BATAMTODAY.COM, Batam - Pemprov Kepri berkomitmen memperkuat perlindungan tenaga kerja dengan tidak hanya berfokus pada aspek keselamatan dan kesehatan kerja (K3), tetapi juga kesehatan mental para pekerja.
Kasus gangguan psikologis yang menimpa sejumlah pekerja mendorong Pemerintah Provinsi Kepulauan Riau (Kepri) memperluas perlindungan ketenagakerjaan. Selain memperkuat penerapan Sistem Manajemen Keselamatan dan Kesehatan Kerja (SMK3), Pemprov Kepri kini menyiapkan program dukungan kesehatan mental bagi tenaga kerja.
Kepala Dinas Tenaga Kerja dan Transmigrasi (Disnakertrans) Kepri, Diki Wijaya, mengatakan kesehatan mental menjadi faktor penting yang memengaruhi produktivitas pekerja sekaligus keberlangsungan dunia usaha.
Menurutnya, pekerja yang sehat secara mental akan mampu bekerja lebih optimal dan memberikan kontribusi positif terhadap pertumbuhan ekonomi daerah. “Pekerja yang sehat secara mental merupakan kunci produktivitas yang tinggi dan kemajuan ekonomi daerah. Karena itu, pemerintah hadir untuk memastikan kesejahteraan psikologis tenaga kerja juga mendapat perhatian,” kata Diki, Kamis (4/6/2026).
Diki menjelaskan, Pemprov Kepri terus mendorong terciptanya lingkungan kerja yang sehat, aman, dan mendukung kesejahteraan pekerja melalui edukasi serta kolaborasi dengan berbagai pihak.
Diki menilai persoalan kesehatan mental di lingkungan kerja tidak boleh dianggap sepele. Tekanan pekerjaan, masalah ekonomi, hingga persoalan pribadi dapat memengaruhi kondisi psikologis pekerja dan berdampak pada kinerja maupun keselamatan kerja.
Karena itu, kata dia, selain memperkuat implementasi SMK3, pemerintah mulai mengkaji berbagai langkah untuk meningkatkan layanan kesehatan mental bagi tenaga kerja di Kepri.
Salah satu opsi yang tengah dibahas adalah kerja sama dengan Ikatan Dokter Indonesia (IDI) Kepulauan Riau guna menghadirkan layanan konsultasi dan pendampingan psikologis bagi pekerja.
"Kami sedang membahas kemungkinan bekerja sama dengan IDI Kepri, termasuk apakah nantinya diperlukan layanan atau klinik khusus untuk membantu pekerja yang mengalami masalah kesehatan mental," ujarnya.
Layanan tersebut diharapkan dapat diakses dengan mudah sehingga pekerja memiliki ruang untuk mendapatkan bantuan saat menghadapi tekanan psikologis.
Diki menegaskan, kesehatan mental yang terjaga akan berdampak langsung terhadap kualitas pekerjaan, produktivitas perusahaan, serta keselamatan di tempat kerja.
"Kalau seseorang mengalami stres berkepanjangan dan kesehatan mentalnya terganggu, tentu hasil kerjanya tidak akan optimal.
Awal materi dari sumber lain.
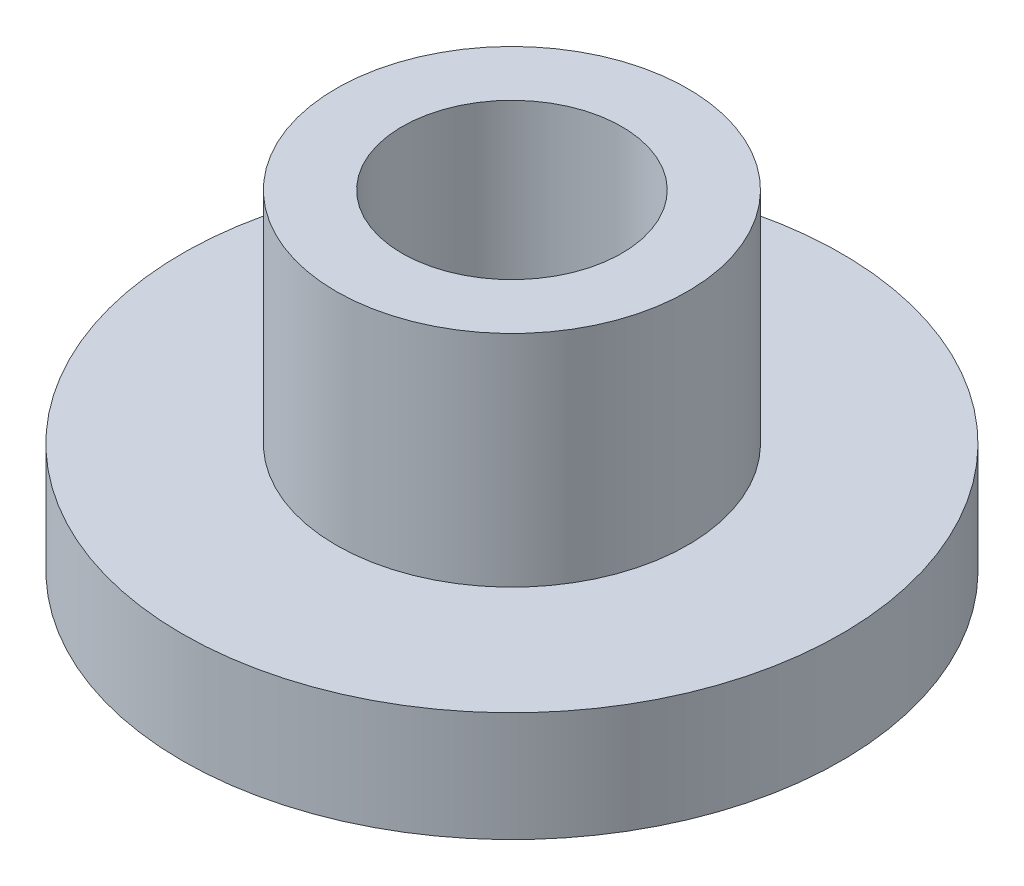
from build123d import *

# Parameters (mm, degrees)
ESQUISSE1_R        = 15
BOSS_EXTRU_1_DEPTH = 5
ESQUISSE2_R        = 8
ESQUISSE2_R_2      = 5
BOSS_EXTRU_2_DEPTH = 10


with BuildPart() as part:
    # Esquisse1 → Boss.-Extru.1 (new body)
    with BuildSketch(Plane(origin=(0, 0, 0), x_dir=(1, 0, 0), z_dir=(0, 1, 0))):
        with Locations(Location((0, 0, 0), (0, 0, 270))):
            Circle(ESQUISSE1_R)
    extrude(amount=BOSS_EXTRU_1_DEPTH)

    # Esquisse2 → Boss.-Extru.2 (add)
    with BuildSketch(Plane(origin=(0, 5, 0), x_dir=(1, 0, 0), z_dir=(0, 1, 0))):
        with Locations(Location((0, 0, 0), (0, 0, 270))):
            Circle(ESQUISSE2_R)
        with Locations(Location((0, 0, 0), (0, 0, 270))):
            Circle(ESQUISSE2_R_2, mode=Mode.SUBTRACT)
    extrude(amount=BOSS_EXTRU_2_DEPTH)


solid = part.part
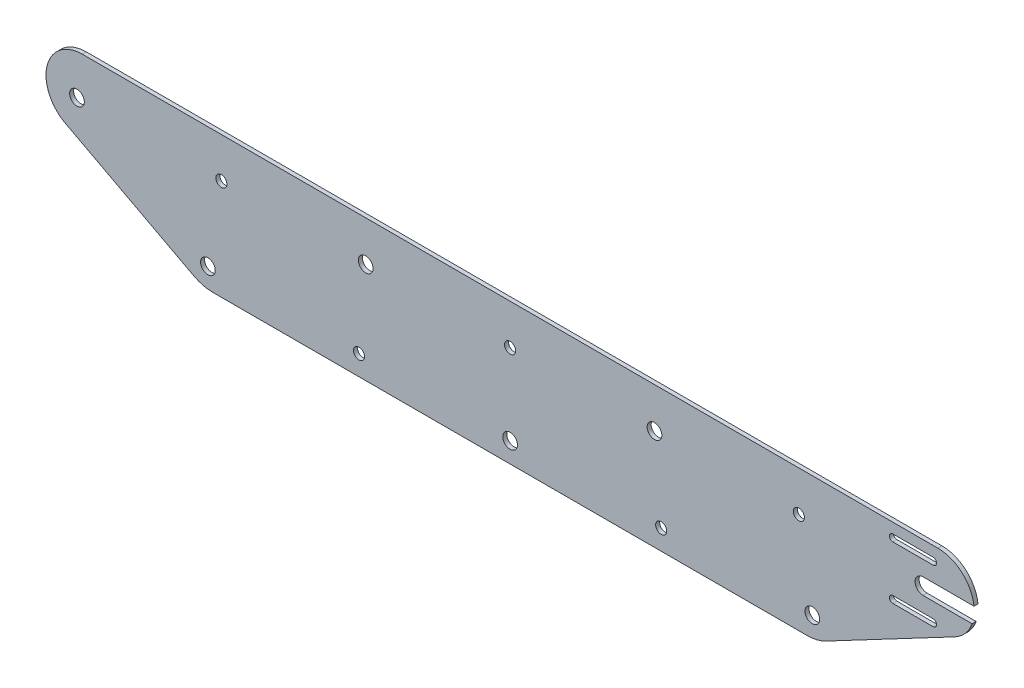
from build123d import *

# Parameters (mm, degrees)
ESQUISSE1_R             = 3.65
BOSS_EXTRU_1_DEPTH      = 2
CONG_1_R                = 18
CONG_2_R                = 20
D_GAGEMENT_M31_D        = 3.4
ENL_V_MAT_EXTRU_1_DEPTH = 234.819122898
D_GAGEMENT_M51_D        = 5.5
D_GAGEMENT_M52_D        = 5.5


with BuildPart() as part:
    # Esquisse1 → Boss.-Extru.1 (new body)
    with BuildSketch(Plane.XY):
        Polygon((-284.958991582, 40), (-150, 40), (150, 40), (284.958991582, 40), (152.479495791, -30), (-152.479495791, -30), align=None)
        with Locations((-215, 20)):
            Circle(ESQUISSE1_R, mode=Mode.SUBTRACT)
        with Locations((-150, -20)):
            Circle(ESQUISSE1_R, mode=Mode.SUBTRACT)
        with Locations((150, -20)):
            Circle(ESQUISSE1_R, mode=Mode.SUBTRACT)
        with Locations((215, 20)):
            Circle(ESQUISSE1_R, mode=Mode.SUBTRACT)
        with Locations((0, -20)):
            Circle(ESQUISSE1_R, mode=Mode.SUBTRACT)
        with Locations((-71.666666667, 20)):
            Circle(ESQUISSE1_R, mode=Mode.SUBTRACT)
        with Locations((71.666666667, 20)):
            Circle(ESQUISSE1_R, mode=Mode.SUBTRACT)
    extrude(amount=BOSS_EXTRU_1_DEPTH)

    # Congé1
    cong_1_edges = [part.edges().sort_by_distance(p)[0] for p in [
        (-284.958991582, 40, 1),
        (284.958991582, 40, 1),
    ]]
    fillet(cong_1_edges, radius=CONG_1_R)

    # Congé2
    cong_2_edges = [part.edges().sort_by_distance(p)[0] for p in [
        (152.479495791, -30, 1),
        (-152.479495791, -30, 1),
    ]]
    fillet(cong_2_edges, radius=CONG_2_R)

    # Dégagement M31 (through all)
    with Locations(Plane(origin=(0, 0, 0), x_dir=(-1, 0, 0), z_dir=(0, 0, -1))):
        with Locations((-200, 33.228756555), (-200, 6.771243445)):
            Hole(D_GAGEMENT_M31_D / 2)

    # Esquisse4 → Enlèv. mat.-Extru.1 (cut, through all)
    with BuildSketch(Plane(origin=(0, 0, 0), x_dir=(-1, 0, 0), z_dir=(0, 0, -1))):
        with BuildLine():
            Line((-229.334149786, 16), (-205, 16))
            ThreePointArc((-205, 16), (-201, 20), (-205, 24))
            Line((-205, 24), (-230.252130857, 24))
            ThreePointArc((-230.252130857, 24), (-230.246241418, 19.948007721), (-229.334149786, 16))
        make_face()
        with BuildLine():
            Line((-210, 31.528756555), (-190, 31.528756555))
            ThreePointArc((-190, 31.528756555), (-188.3, 33.228756555), (-190, 34.928756555))
            Line((-190, 34.928756555), (-210, 34.928756555))
            ThreePointArc((-210, 34.928756555), (-211.7, 33.228756555), (-210, 31.528756555))
        make_face()
        with BuildLine():
            Line((-210, 5.071243445), (-190, 5.071243445))
            ThreePointArc((-190, 5.071243445), (-188.3, 6.771243445), (-190, 8.471243445))
            Line((-190, 8.471243445), (-210, 8.471243445))
            ThreePointArc((-210, 8.471243445), (-211.7, 6.771243445), (-210, 5.071243445))
        make_face()
    extrude(amount=-ENL_V_MAT_EXTRU_1_DEPTH, mode=Mode.SUBTRACT)

    # Dégagement M51 (through all)
    with Locations(Plane(origin=(0, 0, 0), x_dir=(-1, 0, 0), z_dir=(0, 0, -1))):
        with Locations((143.333333333, 20), (0, 20), (-143.333333333, 20)):
            Hole(D_GAGEMENT_M51_D / 2)

    # Dégagement M52 (through all)
    with Locations(Plane.XY.offset(2)):
        with Locations((-75, -20), (75, -20)):
            Hole(D_GAGEMENT_M52_D / 2)


solid = part.part

Karena itu, persoalan ini perlu menjadi perhatian bersama," tegasnya.
Menurut Diki, sejumlah peristiwa yang diduga berkaitan dengan tekanan mental, termasuk kasus pekerja yang mengalami gangguan psikologis hingga melakukan tindakan yang membahayakan diri sendiri, menjadi pengingat pentingnya sistem dukungan kesehatan mental yang lebih kuat.
Untuk itu, Pemprov Kepri berencana menjadikan isu kesehatan mental pekerja sebagai salah satu agenda pembahasan bersama dunia usaha, organisasi profesi, dan instansi terkait guna membangun sistem perlindungan tenaga kerja yang lebih komprehensif. "Kesehatan mental pekerja akan jadi agenda utama kami den dunia usaha," sebut Diki.